Lions Gate Entertainment confirmed Monday it is developing theme park rides and other attractions based on the “Hunger Games,” “Step Up” and “Divergent” movie franchises, along with others in the studio’s portfolio.

If you’re familiar with the “Hunger Games,” you know the stories are about children forced to fight each other to the death. How will that translate to a theme-park ride? 

“I think it would be quite challenging,” said Phil Hettema, founder of The Hettema Group, a firm that designs themed attractions. He worked for Disney and Universal Studios for years.  

“In bringing an intellectual property to life, you need to check the boxes of all of the things that people are most familiar with in that franchise,” he said.

Leave something out, and fans could be disappointed. Fortunately there are plenty of family-friendly themes in the “Hunger Games” stories, like loyalty and skill, Hettema said.

“The ‘killing of children’ box could remain unchecked,” he said.
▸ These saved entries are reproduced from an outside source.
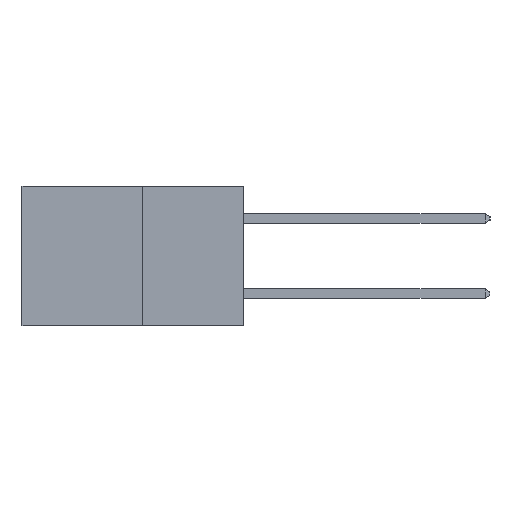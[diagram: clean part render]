
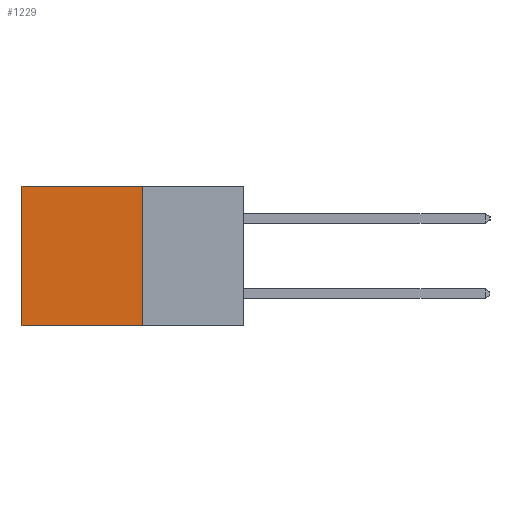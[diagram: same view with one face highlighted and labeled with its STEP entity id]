
A CAD part, left-side view. The second image highlights one B-rep face of the part: STEP entity #1229.
In plain terms, the highlighted planar face has unit normal (-1, 0, 0).
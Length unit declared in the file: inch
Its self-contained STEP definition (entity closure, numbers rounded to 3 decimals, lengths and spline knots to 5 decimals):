
#67 = VECTOR ( 'NONE', #1195, 39.37008 ) ;
#216 = FACE_OUTER_BOUND ( 'NONE', #2783, .T. ) ;
#592 = CARTESIAN_POINT ( 'NONE',  ( 0.277, 0.59, -0.37 ) ) ;
#616 = EDGE_CURVE ( 'NONE', #11249, #1417, #11409, .T. ) ;
#796 = VECTOR ( 'NONE', #10078, 39.37008 ) ;
#1012 = ORIENTED_EDGE ( 'NONE', *, *, #1049, .F. ) ;
#1049 = EDGE_CURVE ( 'NONE', #3878, #1417, #9835, .T. ) ;
#1195 = DIRECTION ( 'NONE',  ( 0., 1., 0. ) ) ;
#1229 = ADVANCED_FACE ( 'NONE', ( #216 ), #7928, .F. ) ;
#1417 = VERTEX_POINT ( 'NONE', #592 ) ;
#1860 = LINE ( 'NONE', #7008, #11579 ) ;
#2721 = CARTESIAN_POINT ( 'NONE',  ( 0.277, 0.27, -0.37 ) ) ;
#2783 = EDGE_LOOP ( 'NONE', ( #10759, #1012, #3549, #6060 ) ) ;
#3549 = ORIENTED_EDGE ( 'NONE', *, *, #5822, .F. ) ;
#3599 = CARTESIAN_POINT ( 'NONE',  ( 0.277, 0.59, -0.37 ) ) ;
#3770 = AXIS2_PLACEMENT_3D ( 'NONE', #10727, #11067, #10291 ) ;
#3878 = VERTEX_POINT ( 'NONE', #6324 ) ;
#5822 = EDGE_CURVE ( 'NONE', #8294, #3878, #1860, .T. ) ;
#5891 = CARTESIAN_POINT ( 'NONE',  ( 0.277, 0.59, 0. ) ) ;
#6060 = ORIENTED_EDGE ( 'NONE', *, *, #6726, .T. ) ;
#6132 = LINE ( 'NONE', #10239, #796 ) ;
#6324 = CARTESIAN_POINT ( 'NONE',  ( 0.277, 0.27, -0.37 ) ) ;
#6726 = EDGE_CURVE ( 'NONE', #8294, #11249, #6132, .T. ) ;
#6746 = VECTOR ( 'NONE', #9366, 39.37008 ) ;
#7008 = CARTESIAN_POINT ( 'NONE',  ( 0.277, 0.27, -0.37 ) ) ;
#7034 = DIRECTION ( 'NONE',  ( 0., 0., -1. ) ) ;
#7880 = CARTESIAN_POINT ( 'NONE',  ( 0.277, 0.27, 0. ) ) ;
#7928 = PLANE ( 'NONE',  #3770 ) ;
#8294 = VERTEX_POINT ( 'NONE', #7880 ) ;
#9366 = DIRECTION ( 'NONE',  ( 0., 0., -1. ) ) ;
#9835 = LINE ( 'NONE', #2721, #67 ) ;
#10078 = DIRECTION ( 'NONE',  ( 0., 1., 0. ) ) ;
#10239 = CARTESIAN_POINT ( 'NONE',  ( 0.277, 0.27, 0. ) ) ;
#10291 = DIRECTION ( 'NONE',  ( 0., 0., -1. ) ) ;
#10727 = CARTESIAN_POINT ( 'NONE',  ( 0.277, 0.27, -0.37 ) ) ;
#10759 = ORIENTED_EDGE ( 'NONE', *, *, #616, .T. ) ;
#11067 = DIRECTION ( 'NONE',  ( 1., 0., 0. ) ) ;
#11249 = VERTEX_POINT ( 'NONE', #5891 ) ;
#11409 = LINE ( 'NONE', #3599, #6746 ) ;
#11579 = VECTOR ( 'NONE', #7034, 39.37008 ) ;

Movie studios are clamoring to cash in on their intellectual property around the world. There is a Warner Bros. park in Spain with a “Superman” roller coaster. Twentieth Century Fox has a new one coming in Malaysia, with attractions based on movies like “Ice Age” and “Planet of the Apes.” Lionsgate is partnering with theme parks in Dubai and near Atlanta, and an “immersive entertainment center” near Macau.

Parks themselves bring in billions of dollars in revenue worldwide, but there is a bigger payoff, said David Cobb with the design firm Thinkwell Group.

“Positive word of mouth, knowing that the brand lives on beyond the movies that you saw — there’s all sorts of reasons for brands to look at the real world as a place for these heretofore ephemeral brands to live,” Cobb said. 

That is, if the attractions are done well, said Bob Rogers with BRC Imagination Arts.

“A lot of the studios — at least on their first pass — just think that by licensing their name and their logo and their characters, that causes an attraction,” he said. “Just because you have the characters doesn’t mean you have the ride.”